:: Data ::
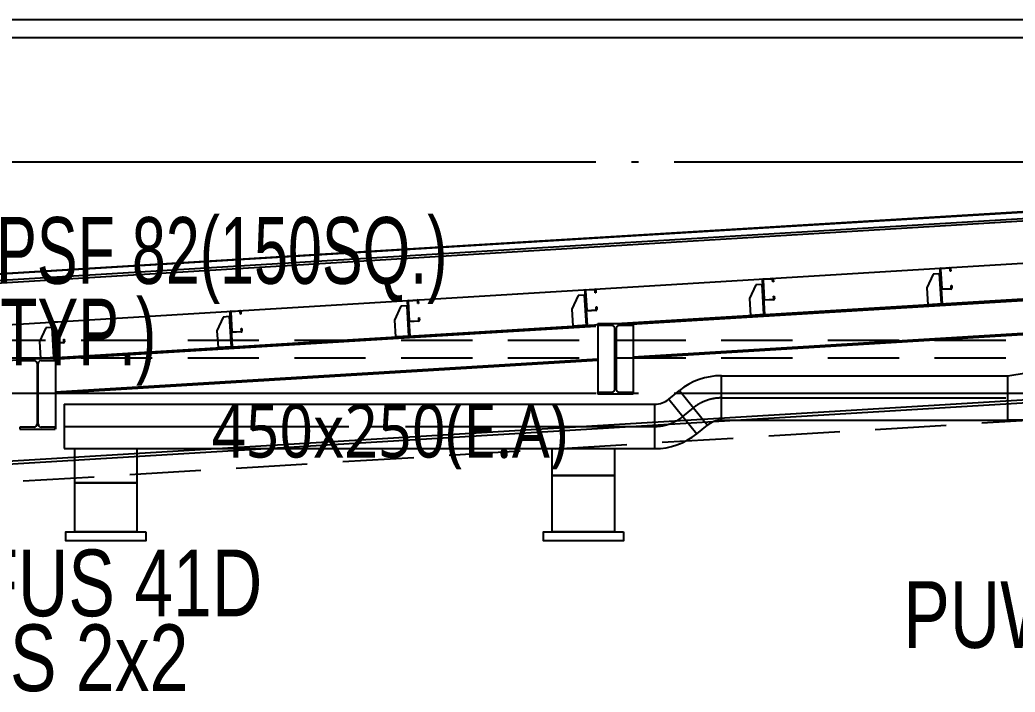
# Model space of a CAD drawing. Header units: millimetres. Extents: x 0 to 268175, y 0 to 74250.
# Drawn here: x 66480 to 72077, y 23017 to 26796 of the extents above; entities that cross this region are included whole.
import ezdxf
from ezdxf.enums import TextEntityAlignment as Align

# ---------------------------------------------------------------- set-up
doc = ezdxf.new("R2010")
doc.units = ezdxf.units.MM
doc.header["$LTSCALE"] = 200
for name, pattern in [('CEN-GAUN', [32.2, 30, -1, 0.2, -1]), ('CEN6', [12, 10, -0.75, 0.5, -0.75]), ('H3', [3, 2, -1])]:
    doc.linetypes.add(name, pattern=pattern)
for name, color, linetype in [('1 CEN', 15, 'CEN-GAUN'), ('1 EA', 3, 'Continuous'), ('1 OA', 4, 'Continuous'), ('8ELE', 8, 'Continuous'), ('BA', 9, 'Continuous'), ('PIPE RACK', 6, 'Continuous'), ('TE', 2, 'Continuous')]:
    doc.layers.add(name, color=color, linetype=linetype)
doc.styles.add('SUNJIN', font='malgun.ttf')
doc.styles.add('돋움체', font='gulim.ttc')

msp = doc.modelspace()

# ---------------------------------------------------------------- linework, layer by layer
at = {"layer": '1 CEN'}
for p, q in [((108359.9, 26795.7), (59849.9, 26795.7)), ((108359.9, 25995.7), (60539.6, 25995.7)), ((108359.9, 24695.7), (59849.9, 24695.7))]:
    msp.add_line(p, q, dxfattribs=at)
at = {"layer": '1 EA'}
for p, q in [((70425.2, 24795.7), (72035.7, 24795.7)), ((70425.2, 24545.7), (70425.2, 24795.7)), ((70129.2, 24663.5), (70189.2, 24712.1)), ((70189.2, 24712.1), (70346.5, 24517.8)), ((66729.4, 24635.7), (66729.4, 24385.7)), ((66729.4, 24635.7), (70050.5, 24635.7)), ((70050.5, 24385.7), (70050.5, 24635.7)), ((70129.2, 24663.5), (70286.5, 24469.2)), ((70286.5, 24469.2), (70346.5, 24517.8)), ((70425.2, 24545.7), (72035.7, 24545.7)), ((66729.4, 24385.7), (70050.5, 24385.7))]:
    msp.add_line(p, q, dxfattribs=at)
at = {"layer": '1 EA', "color": 1, "linetype": 'CEN6', "ltscale": 0.8}
for p, q in [((70425.2, 24670.7), (72035.7, 24670.7)), ((70207.9, 24566.4), (70267.9, 24615)), ((66729.4, 24510.7), (70050.5, 24510.7))]:
    msp.add_line(p, q, dxfattribs=at)
at = {"layer": '1 EA'}
msp.add_lwpolyline([(72035.7, 24545.7), (72035.7, 24795.7), (72346.8, 24845.7), (72346.8, 24545.7)], close=True, dxfattribs=at)
at = {"layer": '1 EA', "elevation": 0}
for points in [[(66788.3, 24385.7), (67138.3, 24385.7), (67138.3, 24193.2), (66788.3, 24193.2), (66788.3, 24385.7)], [(69474.2, 24385.7), (69824.2, 24385.7), (69824.2, 24235.7), (69474.2, 24235.7), (69474.2, 24385.7)]]:
    msp.add_lwpolyline(points, dxfattribs=at)
for points in [[(67138.3, 24193.2), (67138.3, 23918.2), (66788.3, 23918.2), (66788.3, 24193.2)], [(69824.2, 24235.7), (69824.2, 23918.2), (69474.2, 23918.2), (69474.2, 24235.7)]]:
    msp.add_lwpolyline(points, close=True, dxfattribs=at)
at = {"layer": '1 EA'}
for centre, radius, start, end in [((70425.2, 24420.7), 375, 90, 129), ((70050.5, 24760.7), 125, 270, 309), ((70425.2, 24420.7), 125, 90, 129), ((70050.5, 24760.7), 375, 270, 309)]:
    msp.add_arc(centre, radius, start, end, dxfattribs=at)
at = {"layer": '1 EA', "color": 1, "linetype": 'CEN6', "ltscale": 0.8}
for centre, start, end in [((70425.2, 24420.7), 90, 129), ((70050.5, 24760.7), 270, 309)]:
    msp.add_arc(centre, 250, start, end, dxfattribs=at)
at = {"layer": '1 OA', "color": 2, "elevation": 0}
for points in [[(67188.3, 23918.2), (67188.3, 23868.2), (66738.3, 23868.2), (66738.3, 23918.2)], [(69874.2, 23918.2), (69874.2, 23868.2), (69424.2, 23868.2), (69424.2, 23918.2)]]:
    msp.add_lwpolyline(points, close=True, dxfattribs=at)
at = {"layer": '8ELE'}
for p, q in [((106794.9, 26795.7), (62864.9, 26795.7)), ((106249.9, 26695.7), (63474.9, 26695.7))]:
    msp.add_line(p, q, dxfattribs=at)
at = {"layer": 'BA'}
for p, q in [((63746, 25211.7), (84829.9, 26486.6)), ((63746.2, 25208.7), (84829.9, 26483.6)), ((84829.9, 26446.5), (63748.3, 25171.8)), ((84829.9, 26432.5), (63901, 25167)), ((63915.2, 24931.4), (84829.9, 26196)), ((63915.2, 24931.4), (78847.1, 25834.3)), ((64033.8, 24738.2), (78847.1, 25633.9)), ((71656.6, 25369.5), (71650.6, 25369.1)), ((71661.7, 25285.1), (71655.1, 25394)), ((71658.3, 25393.9), (71664.9, 25285.6)), ((71660.2, 25399.7), (71709.2, 25402.7)), ((71709.1, 25399.5), (71660.7, 25396.6)), ((71712.7, 25382.9), (71711.8, 25397.1)), ((71715.9, 25383.1), (71712.7, 25382.9)), ((71715, 25397.6), (71715.9, 25383.1)), ((70658.4, 25309.1), (70652.4, 25308.7)), ((70663.5, 25224.7), (70656.9, 25333.6)), ((70660.1, 25333.5), (70666.7, 25225.2)), ((70662, 25339.4), (70711, 25342.3)), ((70710.9, 25339.1), (70662.5, 25336.2)), ((70714.5, 25322.5), (70713.6, 25336.7)), ((70717.7, 25322.7), (70714.5, 25322.5)), ((70716.8, 25337.2), (70717.7, 25322.7)), ((71717.5, 25303), (71720.7, 25303.2)), ((71718.4, 25288.8), (71717.5, 25303)), ((71720.7, 25303.2), (71721.6, 25288.7)), ((69660.2, 25248.8), (69654.2, 25248.4)), ((69665.3, 25164.4), (69658.7, 25273.3)), ((69662, 25273.2), (69668.5, 25164.8)), ((69663.9, 25279), (69712.9, 25282)), ((69712.8, 25278.8), (69664.3, 25275.9)), ((69716.3, 25262.2), (69715.5, 25276.4)), ((69719.5, 25262.4), (69716.3, 25262.2)), ((69718.6, 25276.9), (69719.5, 25262.4)), ((69918.8, 25086.1), (72968.8, 25270.5)), ((71716.5, 25282.9), (71667.4, 25280)), ((71667.6, 25283.2), (71716, 25286.1)), ((68662, 25188.4), (68656.1, 25188)), ((68667.1, 25104), (68660.6, 25212.9)), ((68663.8, 25212.8), (68670.3, 25104.5)), ((68665.7, 25218.7), (68714.7, 25221.6)), ((68714.6, 25218.4), (68666.2, 25215.5)), ((68718.1, 25201.8), (68717.3, 25216)), ((68721.3, 25202), (68718.1, 25201.8)), ((68720.5, 25216.5), (68721.3, 25202)), ((70718.3, 25222.6), (70669.3, 25219.6)), ((70669.4, 25222.8), (70717.8, 25225.7)), ((70719.3, 25242.7), (70722.5, 25242.9)), ((70720.2, 25228.4), (70719.3, 25242.7)), ((70722.5, 25242.9), (70723.4, 25228.3)), ((67669, 25043.6), (67662.4, 25152.5)), ((67665.6, 25152.4), (67672.1, 25044.1)), ((67667.5, 25158.3), (67716.5, 25161.3)), ((67716.4, 25158.1), (67668, 25155.1)), ((67720, 25141.5), (67719.1, 25155.7)), ((67723.2, 25141.6), (67720, 25141.5)), ((67722.3, 25156.2), (67723.2, 25141.6)), ((69720.1, 25162.2), (69671.1, 25159.2)), ((69671.2, 25162.5), (69719.6, 25165.4)), ((69721.1, 25182.3), (69724.3, 25182.5)), ((69722, 25168.1), (69721.1, 25182.3)), ((69724.3, 25182.5), (69725.2, 25168)), ((66670.8, 24983.3), (66664.2, 25092.2)), ((66667.4, 25092.1), (66674, 24983.8)), ((66669.3, 25098), (66718.3, 25100.9)), ((66718.2, 25097.7), (66669.8, 25094.8)), ((66721.8, 25081.1), (66720.9, 25095.3)), ((66725, 25081.3), (66721.8, 25081.1)), ((66724.1, 25095.8), (66725, 25081.3)), ((67663.9, 25128), (67657.9, 25127.7)), ((68721.9, 25101.9), (68672.9, 25098.9)), ((68673, 25102.1), (68721.4, 25105)), ((68723, 25122), (68726.2, 25122.1)), ((68723.8, 25107.7), (68723, 25122)), ((68726.2, 25122.1), (68727, 25107.6)), ((69729.9, 25085.7), (69729.9, 24692.7)), ((69730.4, 25077.7), (69730.4, 25088.7)), ((69730.4, 25088.7), (69929.4, 25088.7)), ((69810.4, 25077.7), (69730.4, 25077.7)), ((69929.4, 25077.7), (69849.4, 25077.7)), ((69929.4, 25088.7), (69929.4, 25077.7)), ((69929.9, 24902.4), (72979.9, 25086.8)), ((69929.9, 25085.7), (69929.9, 24692.7)), ((69929.9, 24894.4), (72979.9, 25078.8)), ((66665.7, 25067.7), (66659.7, 25067.3)), ((66668.8, 24889.6), (69718.8, 25074)), ((67723.8, 25041.5), (67674.7, 25038.5)), ((67674.8, 25041.7), (67723.3, 25044.7)), ((67724.8, 25061.6), (67728, 25061.8)), ((67725.7, 25047.4), (67724.8, 25061.6)), ((67728, 25061.8), (67728.9, 25047.3)), ((69826.4, 24719.7), (69826.4, 25061.7)), ((69833.4, 25061.7), (69833.4, 24719.7)), ((66725.6, 24981.1), (66676.6, 24978.2)), ((66676.7, 24981.4), (66725.1, 24984.3)), ((66726.6, 25001.2), (66729.8, 25001.4)), ((66727.5, 24987), (66726.6, 25001.2)), ((66729.8, 25001.4), (66730.7, 24986.9)), ((63504.9, 24140.2), (76154.9, 24905.1)), ((63504.9, 24123.2), (76154.9, 24888.1)), ((66679.4, 24892.2), (66480.4, 24892.2)), ((66480.4, 24892.2), (66480.4, 24881.2)), ((66480.4, 24881.2), (66560.4, 24881.2)), ((66576.4, 24865.2), (66576.4, 24523.2)), ((66583.4, 24523.2), (66583.4, 24865.2)), ((66599.4, 24881.2), (66679.4, 24881.2)), ((66679.4, 24881.2), (66679.4, 24892.2)), ((66679.9, 24895.7), (66679.9, 24496.2)), ((66679.9, 24705.9), (69729.9, 24890.3)), ((66679.9, 24697.9), (69729.9, 24882.3)), ((69730.4, 24692.7), (69730.4, 24703.7)), ((69730.4, 24703.7), (69810.4, 24703.7)), ((69929.4, 24692.7), (69730.4, 24692.7)), ((69849.4, 24703.7), (69929.4, 24703.7)), ((69929.4, 24703.7), (69929.4, 24692.7)), ((66560.4, 24507.2), (66480.4, 24507.2)), ((66480.4, 24507.2), (66480.4, 24496.2)), ((66480.4, 24496.2), (66679.4, 24496.2)), ((66679.4, 24507.2), (66599.4, 24507.2)), ((66679.4, 24496.2), (66679.4, 24507.2))]:
    msp.add_line(p, q, dxfattribs=at)
at = {"layer": 'BA', "linetype": 'ByBlock'}
for p, q in [((71616.7, 25367), (71581.3, 25289.8)), ((71650.6, 25369.1), (71616.7, 25367)), ((71650.6, 25369.1), (71660.8, 25199.4)), ((71656.6, 25369.5), (71666.8, 25199.8)), ((70618.5, 25306.7), (70583.1, 25229.4)), ((70652.4, 25308.7), (70618.5, 25306.7)), ((70652.4, 25308.7), (70662.7, 25139.1)), ((70658.4, 25309.1), (70668.7, 25139.4)), ((69620.3, 25246.3), (69584.9, 25169.1)), ((69654.2, 25248.4), (69620.3, 25246.3)), ((69654.2, 25248.4), (69664.5, 25078.7)), ((69660.2, 25248.8), (69670.5, 25079.1)), ((71581.3, 25289.8), (71587, 25194.9)), ((68656.1, 25188), (68622.1, 25186)), ((68656.1, 25188), (68666.3, 25018.3)), ((68662, 25188.4), (68672.3, 25018.7)), ((70583.1, 25229.4), (70588.8, 25134.6)), ((71666.8, 25199.8), (71587, 25194.9)), ((68622.1, 25186), (68586.7, 25108.7)), ((69584.9, 25169.1), (69590.6, 25074.2)), ((70668.7, 25139.4), (70588.8, 25134.6)), ((67623.9, 25125.6), (67588.5, 25048.4)), ((67657.9, 25127.7), (67623.9, 25125.6)), ((67657.9, 25127.7), (67668.1, 24958)), ((67663.9, 25128), (67674.1, 24958.4)), ((68586.7, 25108.7), (68592.5, 25013.9)), ((69670.5, 25079.1), (69590.6, 25074.2)), ((66625.8, 25065.3), (66590.4, 24988)), ((66659.7, 25067.3), (66625.8, 25065.3)), ((66659.7, 25067.3), (66670, 24897.6)), ((66665.7, 25067.7), (66676, 24898)), ((67588.5, 25048.4), (67594.3, 24953.5)), ((66590.4, 24988), (66596.1, 24893.2)), ((68672.3, 25018.7), (68592.5, 25013.9)), ((67674.1, 24958.4), (67594.3, 24953.5)), ((66676, 24898), (66596.1, 24893.2))]:
    msp.add_line(p, q, dxfattribs=at)
at = {"layer": 'BA'}
for centre, radius, start, end in [((71660.5, 25394.3), 5.45, 93.4602, 183.4602), ((71660.9, 25394), 2.55, 93.4602, 183.4602), ((71709.3, 25396.9), 2.55, 3.4602, 93.4602), ((71709.5, 25397.3), 5.45, 3.4602, 93.4602), ((70662.4, 25333.9), 5.45, 93.4602, 183.4602), ((70662.7, 25333.7), 2.55, 93.4602, 183.4602), ((70711.1, 25336.6), 2.55, 3.4602, 93.4602), ((70711.4, 25336.9), 5.45, 3.4602, 93.4602), ((69664.2, 25273.6), 5.45, 93.4602, 183.4602), ((69664.5, 25273.3), 2.55, 93.4602, 183.4602), ((69712.9, 25276.2), 2.55, 3.4602, 93.4602), ((69713.2, 25276.5), 5.45, 3.4602, 93.4602), ((71667.1, 25285.4), 5.45, 183.4602, 273.4602), ((71667.4, 25285.7), 2.55, 183.4602, 273.4602), ((71715.8, 25288.6), 2.55, 273.4602, 3.4602), ((71716.1, 25288.4), 5.45, 273.4602, 3.4602), ((68666, 25213.2), 5.45, 93.4602, 183.4602), ((68666.3, 25213), 2.55, 93.4602, 183.4602), ((68714.7, 25215.9), 2.55, 3.4602, 93.4602), ((68715, 25216.2), 5.45, 3.4602, 93.4602), ((70668.9, 25225), 5.45, 183.4602, 273.4602), ((70669.2, 25225.4), 2.55, 183.4602, 273.4602), ((70717.6, 25228.3), 2.55, 273.4602, 3.4602), ((70718, 25228), 5.45, 273.4602, 3.4602), ((67667.8, 25152.9), 5.45, 93.4602, 183.4602), ((67668.1, 25152.6), 2.55, 93.4602, 183.4602), ((67716.6, 25155.5), 2.55, 3.4602, 93.4602), ((67716.8, 25155.8), 5.45, 3.4602, 93.4602), ((69670.8, 25164.7), 5.45, 183.4602, 273.4602), ((69671, 25165), 2.55, 183.4602, 273.4602), ((69719.5, 25167.9), 2.55, 273.4602, 3.4602), ((69719.8, 25167.6), 5.45, 273.4602, 3.4602), ((66669.7, 25092.5), 5.45, 93.4602, 183.4602), ((66670, 25092.2), 2.55, 93.4602, 183.4602), ((66718.4, 25095.2), 2.55, 3.4602, 93.4602), ((66718.7, 25095.5), 5.45, 3.4602, 93.4602), ((68672.6, 25104.3), 5.45, 183.4602, 273.4602), ((68672.9, 25104.6), 2.55, 183.4602, 273.4602), ((68721.3, 25107.6), 2.55, 273.4602, 3.4602), ((68721.6, 25107.3), 5.45, 273.4602, 3.4602), ((69810.4, 25061.7), 16, 0, 90), ((69849.4, 25061.7), 16, 90, 180), ((67674.4, 25044), 5.45, 183.4602, 273.4602), ((67674.7, 25044.3), 2.55, 183.4602, 273.4602), ((67723.1, 25047.2), 2.55, 273.4602, 3.4602), ((67723.4, 25046.9), 5.45, 273.4602, 3.4602), ((66676.2, 24983.6), 5.45, 183.4602, 273.4602), ((66676.5, 24983.9), 2.55, 183.4602, 273.4602), ((66724.9, 24986.9), 2.55, 273.4602, 3.4602), ((66725.2, 24986.6), 5.45, 273.4602, 3.4602), ((66560.4, 24865.2), 16, 0, 90), ((66599.4, 24865.2), 16, 90, 180), ((69810.4, 24719.7), 16, 270, 0), ((69849.4, 24719.7), 16, 180, 270), ((66560.4, 24523.2), 16, 270, 0), ((66599.4, 24523.2), 16, 180, 270)]:
    msp.add_arc(centre, radius, start, end, dxfattribs=at)
at = {"layer": 'TE', "color": 6, "linetype": 'H3'}
for p, q in [((63504.9, 24023), (84829.9, 25312.4)), ((59624.8, 24995.7), (91162.8, 24995.7)), ((59624.8, 24895.7), (91162.8, 24895.7))]:
    msp.add_line(p, q, dxfattribs=at)

# ---------------------------------------------------------------- texts
at = {"layer": '1 EA', "style": 'SUNJIN', "width": 0.85}
msp.add_text('450x250(E.A)', height=300, dxfattribs=at).set_placement((68559.5, 24485.6), align=Align.MIDDLE_CENTER)
at = {"layer": 'PIPE RACK', "style": '돋움체'}
for s, width, p in [('PSF 82(150SQ.)', 0.7, (66346.5, 25499.9, 0)), ('(TYP.)', 0.7, (66255.2, 25040.8, 0)), ('FUS 41D', 0.8, (66229.5, 23631.1, 0)), ('PUWS 2x2', 0.8, (71448.5, 23453.1, 0)), ('PUWS 2x2', 0.8, (65508.5, 23210.2, 0))]:
    msp.add_text(s, height=375, dxfattribs=dict(at, width=width)).set_placement(p, align=Align.MIDDLE_LEFT)

doc.saveas('drawing.dxf')

:: Activity ::
Your task is to restate word for word the lines from the top of the data to the line containing "doc.styles.add('SUNJIN', font='malgun.ttf')", both ends included, with every picture left out.

:: Output of the task ::
# Model space of a CAD drawing. Header units: millimetres. Extents: x 0 to 268175, y 0 to 74250.
# Drawn here: x 66480 to 72077, y 23017 to 26796 of the extents above; entities that cross this region are included whole.
import ezdxf
from ezdxf.enums import TextEntityAlignment as Align

# ---------------------------------------------------------------- set-up
doc = ezdxf.new("R2010")
doc.units = ezdxf.units.MM
doc.header["$LTSCALE"] = 200
for name, pattern in [('CEN-GAUN', [32.2, 30, -1, 0.2, -1]), ('CEN6', [12, 10, -0.75, 0.5, -0.75]), ('H3', [3, 2, -1])]:
    doc.linetypes.add(name, pattern=pattern)
for name, color, linetype in [('1 CEN', 15, 'CEN-GAUN'), ('1 EA', 3, 'Continuous'), ('1 OA', 4, 'Continuous'), ('8ELE', 8, 'Continuous'), ('BA', 9, 'Continuous'), ('PIPE RACK', 6, 'Continuous'), ('TE', 2, 'Continuous')]:
    doc.layers.add(name, color=color, linetype=linetype)
doc.styles.add('SUNJIN', font='malgun.ttf')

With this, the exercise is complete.